What to produce → Transcribe every entry that follows exactly, omitting all pictures.

(Stored items)
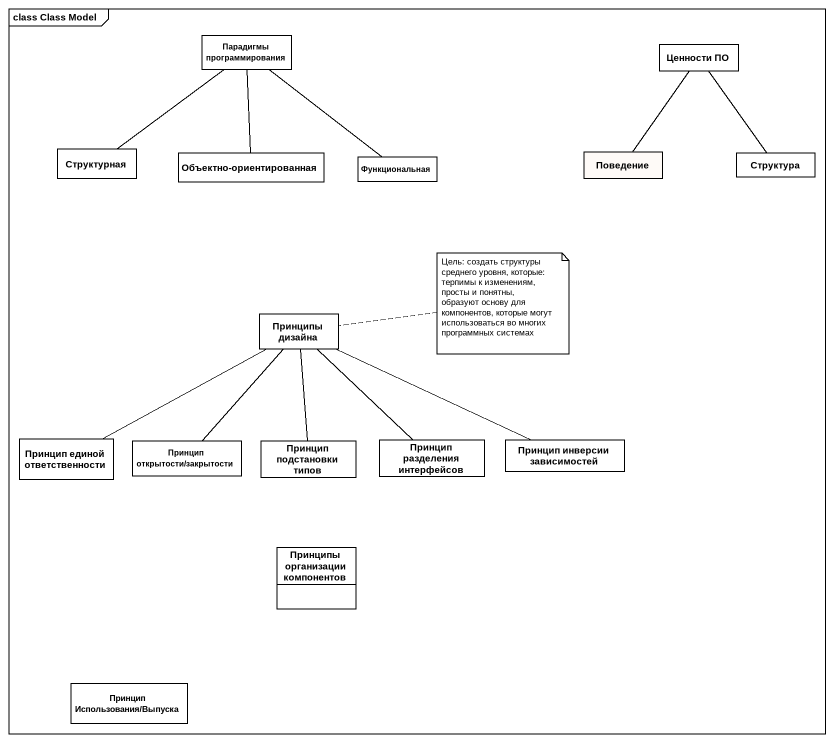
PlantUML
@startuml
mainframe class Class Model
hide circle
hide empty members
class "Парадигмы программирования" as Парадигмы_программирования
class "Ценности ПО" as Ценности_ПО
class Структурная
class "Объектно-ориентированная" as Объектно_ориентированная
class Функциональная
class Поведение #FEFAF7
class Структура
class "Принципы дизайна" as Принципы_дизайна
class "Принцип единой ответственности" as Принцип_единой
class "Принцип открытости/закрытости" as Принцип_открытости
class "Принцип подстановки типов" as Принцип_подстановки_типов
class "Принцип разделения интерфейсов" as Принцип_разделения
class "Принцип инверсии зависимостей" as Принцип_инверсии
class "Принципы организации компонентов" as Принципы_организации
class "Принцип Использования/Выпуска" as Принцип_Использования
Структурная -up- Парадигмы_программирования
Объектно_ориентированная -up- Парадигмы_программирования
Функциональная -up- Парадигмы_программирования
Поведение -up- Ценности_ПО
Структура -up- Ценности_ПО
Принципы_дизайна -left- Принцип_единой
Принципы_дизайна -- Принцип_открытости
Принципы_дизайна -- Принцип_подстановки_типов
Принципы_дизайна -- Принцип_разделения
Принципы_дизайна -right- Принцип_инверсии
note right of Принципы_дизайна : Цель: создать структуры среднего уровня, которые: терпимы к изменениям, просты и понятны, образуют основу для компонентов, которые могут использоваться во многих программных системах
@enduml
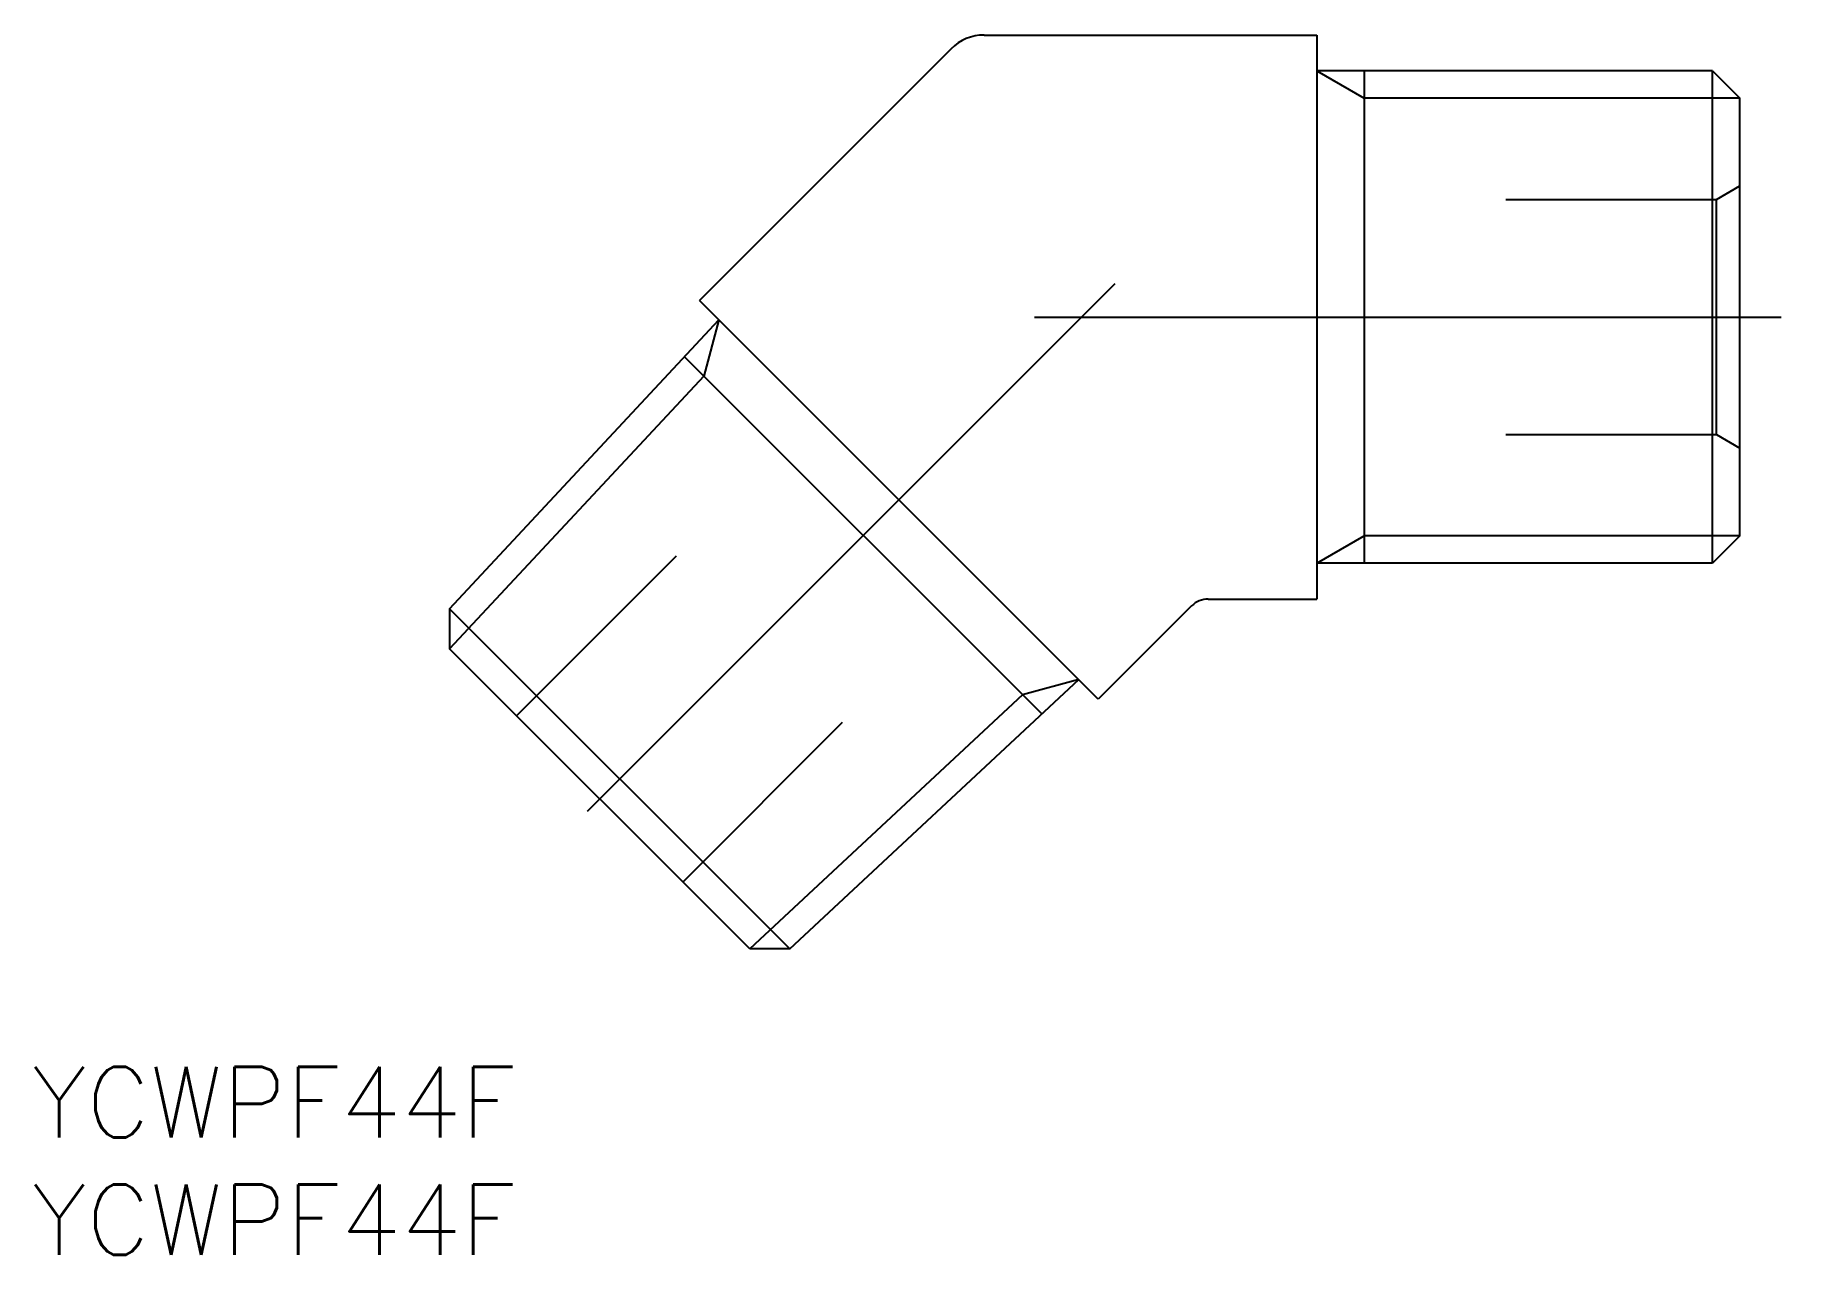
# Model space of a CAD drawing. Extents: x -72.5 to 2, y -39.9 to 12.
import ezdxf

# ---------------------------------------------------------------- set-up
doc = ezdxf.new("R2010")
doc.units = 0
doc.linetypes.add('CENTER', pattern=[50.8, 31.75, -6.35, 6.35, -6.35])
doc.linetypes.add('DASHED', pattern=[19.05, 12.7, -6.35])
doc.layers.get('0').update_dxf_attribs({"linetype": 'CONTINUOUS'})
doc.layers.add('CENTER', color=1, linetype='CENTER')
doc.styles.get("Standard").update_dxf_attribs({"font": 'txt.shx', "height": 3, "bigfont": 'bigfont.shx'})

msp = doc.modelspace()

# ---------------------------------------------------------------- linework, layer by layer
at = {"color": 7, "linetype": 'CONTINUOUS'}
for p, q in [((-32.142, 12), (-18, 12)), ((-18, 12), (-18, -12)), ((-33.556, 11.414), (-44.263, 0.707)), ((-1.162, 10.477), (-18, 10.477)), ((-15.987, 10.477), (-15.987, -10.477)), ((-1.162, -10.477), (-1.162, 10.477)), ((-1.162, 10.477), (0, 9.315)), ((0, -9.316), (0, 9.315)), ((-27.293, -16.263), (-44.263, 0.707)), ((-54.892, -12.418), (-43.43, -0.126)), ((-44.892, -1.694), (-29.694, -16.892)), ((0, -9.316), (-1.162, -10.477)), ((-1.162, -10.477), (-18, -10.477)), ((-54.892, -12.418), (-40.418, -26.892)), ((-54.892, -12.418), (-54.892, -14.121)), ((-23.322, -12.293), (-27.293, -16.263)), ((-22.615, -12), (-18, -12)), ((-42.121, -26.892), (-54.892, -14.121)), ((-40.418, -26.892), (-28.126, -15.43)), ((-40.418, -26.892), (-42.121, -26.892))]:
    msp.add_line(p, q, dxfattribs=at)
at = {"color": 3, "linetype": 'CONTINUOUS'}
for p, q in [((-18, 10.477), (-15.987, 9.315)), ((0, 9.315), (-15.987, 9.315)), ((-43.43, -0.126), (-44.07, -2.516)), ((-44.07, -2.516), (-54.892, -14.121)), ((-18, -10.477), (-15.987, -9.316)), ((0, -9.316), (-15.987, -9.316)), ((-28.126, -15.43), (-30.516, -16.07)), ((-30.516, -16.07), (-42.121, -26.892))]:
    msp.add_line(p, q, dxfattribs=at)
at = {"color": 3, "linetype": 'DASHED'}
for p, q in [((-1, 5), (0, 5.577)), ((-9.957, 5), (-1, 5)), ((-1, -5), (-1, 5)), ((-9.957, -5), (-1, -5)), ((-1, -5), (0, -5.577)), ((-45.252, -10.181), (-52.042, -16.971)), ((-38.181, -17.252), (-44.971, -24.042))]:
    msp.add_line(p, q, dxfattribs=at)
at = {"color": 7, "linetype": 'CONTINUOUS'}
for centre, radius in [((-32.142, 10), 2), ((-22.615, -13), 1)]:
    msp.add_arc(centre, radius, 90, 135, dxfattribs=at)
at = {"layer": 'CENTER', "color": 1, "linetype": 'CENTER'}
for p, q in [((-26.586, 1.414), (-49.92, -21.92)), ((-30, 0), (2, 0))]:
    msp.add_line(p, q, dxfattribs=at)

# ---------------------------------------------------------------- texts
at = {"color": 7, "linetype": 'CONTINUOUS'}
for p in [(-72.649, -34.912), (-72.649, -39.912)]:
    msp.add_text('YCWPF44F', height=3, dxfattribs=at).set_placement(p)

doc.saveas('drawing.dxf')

Written response →
PlantUML
@startuml
mainframe class Class Model
hide circle
hide empty members
class "Парадигмы программирования" as Парадигмы_программирования
class "Ценности ПО" as Ценности_ПО
class Структурная
class "Объектно-ориентированная" as Объектно_ориентированная
class Функциональная
class Поведение #FEFAF7
class Структура
class "Принципы дизайна" as Принципы_дизайна
class "Принцип единой ответственности" as Принцип_единой
class "Принцип открытости/закрытости" as Принцип_открытости
class "Принцип подстановки типов" as Принцип_подстановки_типов
class "Принцип разделения интерфейсов" as Принцип_разделения
class "Принцип инверсии зависимостей" as Принцип_инверсии
class "Принципы организации компонентов" as Принципы_организации
class "Принцип Использования/Выпуска" as Принцип_Использования
Структурная -up- Парадигмы_программирования
Объектно_ориентированная -up- Парадигмы_программирования
Функциональная -up- Парадигмы_программирования
Поведение -up- Ценности_ПО
Структура -up- Ценности_ПО
Принципы_дизайна -left- Принцип_единой
Принципы_дизайна -- Принцип_открытости
Принципы_дизайна -- Принцип_подстановки_типов
Принципы_дизайна -- Принцип_разделения
Принципы_дизайна -right- Принцип_инверсии
note right of Принципы_дизайна : Цель: создать структуры среднего уровня, которые: терпимы к изменениям, просты и понятны, образуют основу для компонентов, которые могут использоваться во многих программных системах
@enduml
# Model space of a CAD drawing. Extents: x -72.5 to 2, y -39.9 to 12.
import ezdxf

# ---------------------------------------------------------------- set-up
doc = ezdxf.new("R2010")
doc.units = 0
doc.linetypes.add('CENTER', pattern=[50.8, 31.75, -6.35, 6.35, -6.35])
doc.linetypes.add('DASHED', pattern=[19.05, 12.7, -6.35])
doc.layers.get('0').update_dxf_attribs({"linetype": 'CONTINUOUS'})
doc.layers.add('CENTER', color=1, linetype='CENTER')
doc.styles.get("Standard").update_dxf_attribs({"font": 'txt.shx', "height": 3, "bigfont": 'bigfont.shx'})

msp = doc.modelspace()

# ---------------------------------------------------------------- linework, layer by layer
at = {"color": 7, "linetype": 'CONTINUOUS'}
for p, q in [((-32.142, 12), (-18, 12)), ((-18, 12), (-18, -12)), ((-33.556, 11.414), (-44.263, 0.707)), ((-1.162, 10.477), (-18, 10.477)), ((-15.987, 10.477), (-15.987, -10.477)), ((-1.162, -10.477), (-1.162, 10.477)), ((-1.162, 10.477), (0, 9.315)), ((0, -9.316), (0, 9.315)), ((-27.293, -16.263), (-44.263, 0.707)), ((-54.892, -12.418), (-43.43, -0.126)), ((-44.892, -1.694), (-29.694, -16.892)), ((0, -9.316), (-1.162, -10.477)), ((-1.162, -10.477), (-18, -10.477)), ((-54.892, -12.418), (-40.418, -26.892)), ((-54.892, -12.418), (-54.892, -14.121)), ((-23.322, -12.293), (-27.293, -16.263)), ((-22.615, -12), (-18, -12)), ((-42.121, -26.892), (-54.892, -14.121)), ((-40.418, -26.892), (-28.126, -15.43)), ((-40.418, -26.892), (-42.121, -26.892))]:
    msp.add_line(p, q, dxfattribs=at)
at = {"color": 3, "linetype": 'CONTINUOUS'}
for p, q in [((-18, 10.477), (-15.987, 9.315)), ((0, 9.315), (-15.987, 9.315)), ((-43.43, -0.126), (-44.07, -2.516)), ((-44.07, -2.516), (-54.892, -14.121)), ((-18, -10.477), (-15.987, -9.316)), ((0, -9.316), (-15.987, -9.316)), ((-28.126, -15.43), (-30.516, -16.07)), ((-30.516, -16.07), (-42.121, -26.892))]:
    msp.add_line(p, q, dxfattribs=at)
at = {"color": 3, "linetype": 'DASHED'}
for p, q in [((-1, 5), (0, 5.577)), ((-9.957, 5), (-1, 5)), ((-1, -5), (-1, 5)), ((-9.957, -5), (-1, -5)), ((-1, -5), (0, -5.577)), ((-45.252, -10.181), (-52.042, -16.971)), ((-38.181, -17.252), (-44.971, -24.042))]:
    msp.add_line(p, q, dxfattribs=at)
at = {"color": 7, "linetype": 'CONTINUOUS'}
for centre, radius in [((-32.142, 10), 2), ((-22.615, -13), 1)]:
    msp.add_arc(centre, radius, 90, 135, dxfattribs=at)
at = {"layer": 'CENTER', "color": 1, "linetype": 'CENTER'}
for p, q in [((-26.586, 1.414), (-49.92, -21.92)), ((-30, 0), (2, 0))]:
    msp.add_line(p, q, dxfattribs=at)

# ---------------------------------------------------------------- texts
at = {"color": 7, "linetype": 'CONTINUOUS'}
for p in [(-72.649, -34.912), (-72.649, -39.912)]:
    msp.add_text('YCWPF44F', height=3, dxfattribs=at).set_placement(p)

doc.saveas('drawing.dxf')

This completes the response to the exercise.